> [Data for review]
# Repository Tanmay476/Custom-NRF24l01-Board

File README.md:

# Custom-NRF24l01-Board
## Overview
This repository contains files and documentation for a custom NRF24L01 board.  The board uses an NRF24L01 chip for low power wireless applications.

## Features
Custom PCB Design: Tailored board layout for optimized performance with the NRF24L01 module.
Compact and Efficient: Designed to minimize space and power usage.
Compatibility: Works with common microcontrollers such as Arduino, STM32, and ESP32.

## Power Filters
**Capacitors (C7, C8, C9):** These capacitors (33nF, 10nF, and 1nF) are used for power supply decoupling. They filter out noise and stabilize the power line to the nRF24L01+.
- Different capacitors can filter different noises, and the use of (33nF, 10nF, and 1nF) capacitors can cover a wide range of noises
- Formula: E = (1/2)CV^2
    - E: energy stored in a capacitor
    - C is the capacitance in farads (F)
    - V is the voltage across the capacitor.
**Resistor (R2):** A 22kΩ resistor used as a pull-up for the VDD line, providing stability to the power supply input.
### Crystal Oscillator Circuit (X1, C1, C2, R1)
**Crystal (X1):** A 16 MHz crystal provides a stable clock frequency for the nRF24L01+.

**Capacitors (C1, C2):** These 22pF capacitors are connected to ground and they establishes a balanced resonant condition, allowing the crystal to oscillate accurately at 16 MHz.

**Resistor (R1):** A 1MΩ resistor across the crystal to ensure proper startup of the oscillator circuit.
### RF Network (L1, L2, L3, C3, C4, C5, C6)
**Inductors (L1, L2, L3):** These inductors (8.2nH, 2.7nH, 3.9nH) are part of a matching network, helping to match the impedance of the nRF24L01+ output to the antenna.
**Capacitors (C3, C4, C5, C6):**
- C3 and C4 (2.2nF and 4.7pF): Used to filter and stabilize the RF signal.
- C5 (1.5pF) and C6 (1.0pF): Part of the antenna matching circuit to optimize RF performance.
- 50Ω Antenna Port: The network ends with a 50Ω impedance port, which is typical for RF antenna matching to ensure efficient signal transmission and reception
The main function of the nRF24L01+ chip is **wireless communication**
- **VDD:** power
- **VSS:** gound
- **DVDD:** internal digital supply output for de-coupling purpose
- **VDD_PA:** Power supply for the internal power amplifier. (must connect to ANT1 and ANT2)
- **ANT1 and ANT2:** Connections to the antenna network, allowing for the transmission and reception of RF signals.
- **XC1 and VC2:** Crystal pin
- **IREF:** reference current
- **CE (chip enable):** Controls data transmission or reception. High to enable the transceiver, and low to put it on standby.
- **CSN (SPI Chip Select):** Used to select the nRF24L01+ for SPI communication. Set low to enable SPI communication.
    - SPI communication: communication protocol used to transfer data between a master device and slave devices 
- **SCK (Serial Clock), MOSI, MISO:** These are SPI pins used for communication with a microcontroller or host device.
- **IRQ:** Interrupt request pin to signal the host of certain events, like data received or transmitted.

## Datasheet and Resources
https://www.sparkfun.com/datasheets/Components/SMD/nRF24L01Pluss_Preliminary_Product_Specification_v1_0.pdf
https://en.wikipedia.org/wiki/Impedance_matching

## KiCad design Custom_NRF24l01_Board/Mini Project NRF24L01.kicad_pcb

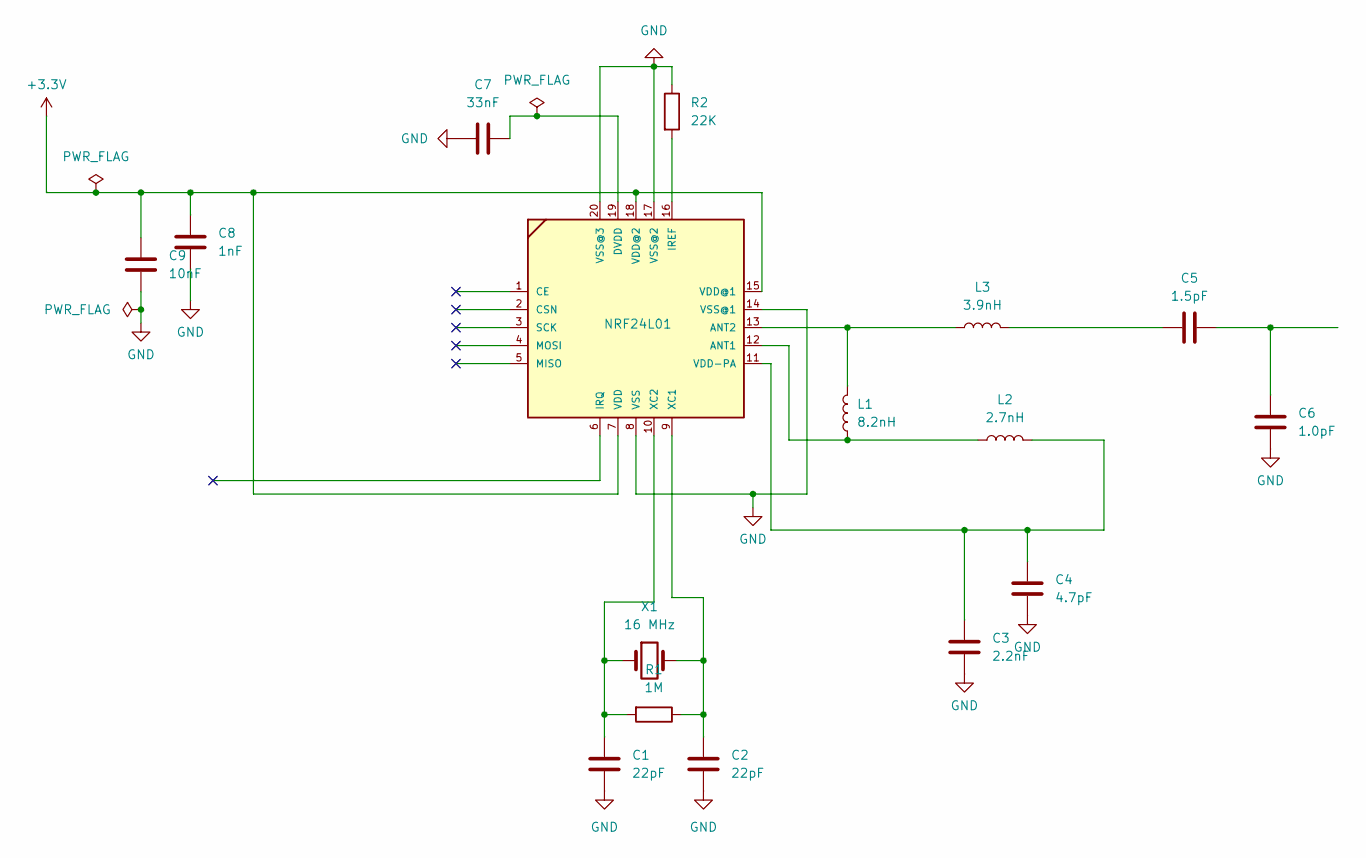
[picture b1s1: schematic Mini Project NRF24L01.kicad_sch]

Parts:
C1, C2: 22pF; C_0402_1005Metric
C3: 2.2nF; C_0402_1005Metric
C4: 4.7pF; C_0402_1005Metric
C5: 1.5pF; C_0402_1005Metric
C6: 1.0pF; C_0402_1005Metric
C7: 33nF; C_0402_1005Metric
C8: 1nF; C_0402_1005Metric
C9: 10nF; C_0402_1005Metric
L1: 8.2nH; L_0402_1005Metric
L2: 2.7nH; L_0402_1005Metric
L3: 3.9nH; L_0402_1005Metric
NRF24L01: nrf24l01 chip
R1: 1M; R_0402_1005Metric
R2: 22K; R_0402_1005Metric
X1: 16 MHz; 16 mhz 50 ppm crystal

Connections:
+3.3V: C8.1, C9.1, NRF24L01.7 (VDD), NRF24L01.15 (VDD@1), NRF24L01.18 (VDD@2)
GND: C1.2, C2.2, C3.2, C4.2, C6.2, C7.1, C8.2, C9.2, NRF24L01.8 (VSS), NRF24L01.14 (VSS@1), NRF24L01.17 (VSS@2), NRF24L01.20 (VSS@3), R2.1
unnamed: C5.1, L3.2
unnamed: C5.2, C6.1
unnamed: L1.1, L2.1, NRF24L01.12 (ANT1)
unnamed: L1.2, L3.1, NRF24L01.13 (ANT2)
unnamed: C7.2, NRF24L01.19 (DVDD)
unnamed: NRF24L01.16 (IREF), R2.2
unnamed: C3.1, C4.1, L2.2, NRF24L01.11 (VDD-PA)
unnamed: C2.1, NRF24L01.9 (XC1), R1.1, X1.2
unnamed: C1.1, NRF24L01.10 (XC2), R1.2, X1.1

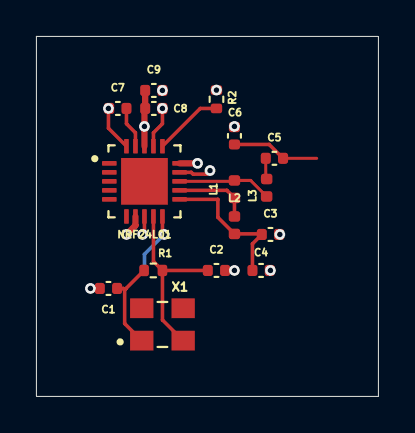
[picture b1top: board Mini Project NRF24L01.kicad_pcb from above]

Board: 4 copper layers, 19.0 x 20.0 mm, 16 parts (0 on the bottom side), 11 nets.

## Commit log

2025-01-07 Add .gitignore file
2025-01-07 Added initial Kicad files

> [Problem]
Copy the lines above exactly, starting at the one with "https://en.wikipedia.org/wiki/Impedance_matching" and ending at the one with "C4: 4.7pF; C_0402_1005Metric", both included. Leave out any pictures and add nothing else.

> [Exercise result]
https://en.wikipedia.org/wiki/Impedance_matching

## KiCad design Custom_NRF24l01_Board/Mini Project NRF24L01.kicad_pcb

[picture b1s1: schematic Mini Project NRF24L01.kicad_sch]

Parts:
C1, C2: 22pF; C_0402_1005Metric
C3: 2.2nF; C_0402_1005Metric
C4: 4.7pF; C_0402_1005Metric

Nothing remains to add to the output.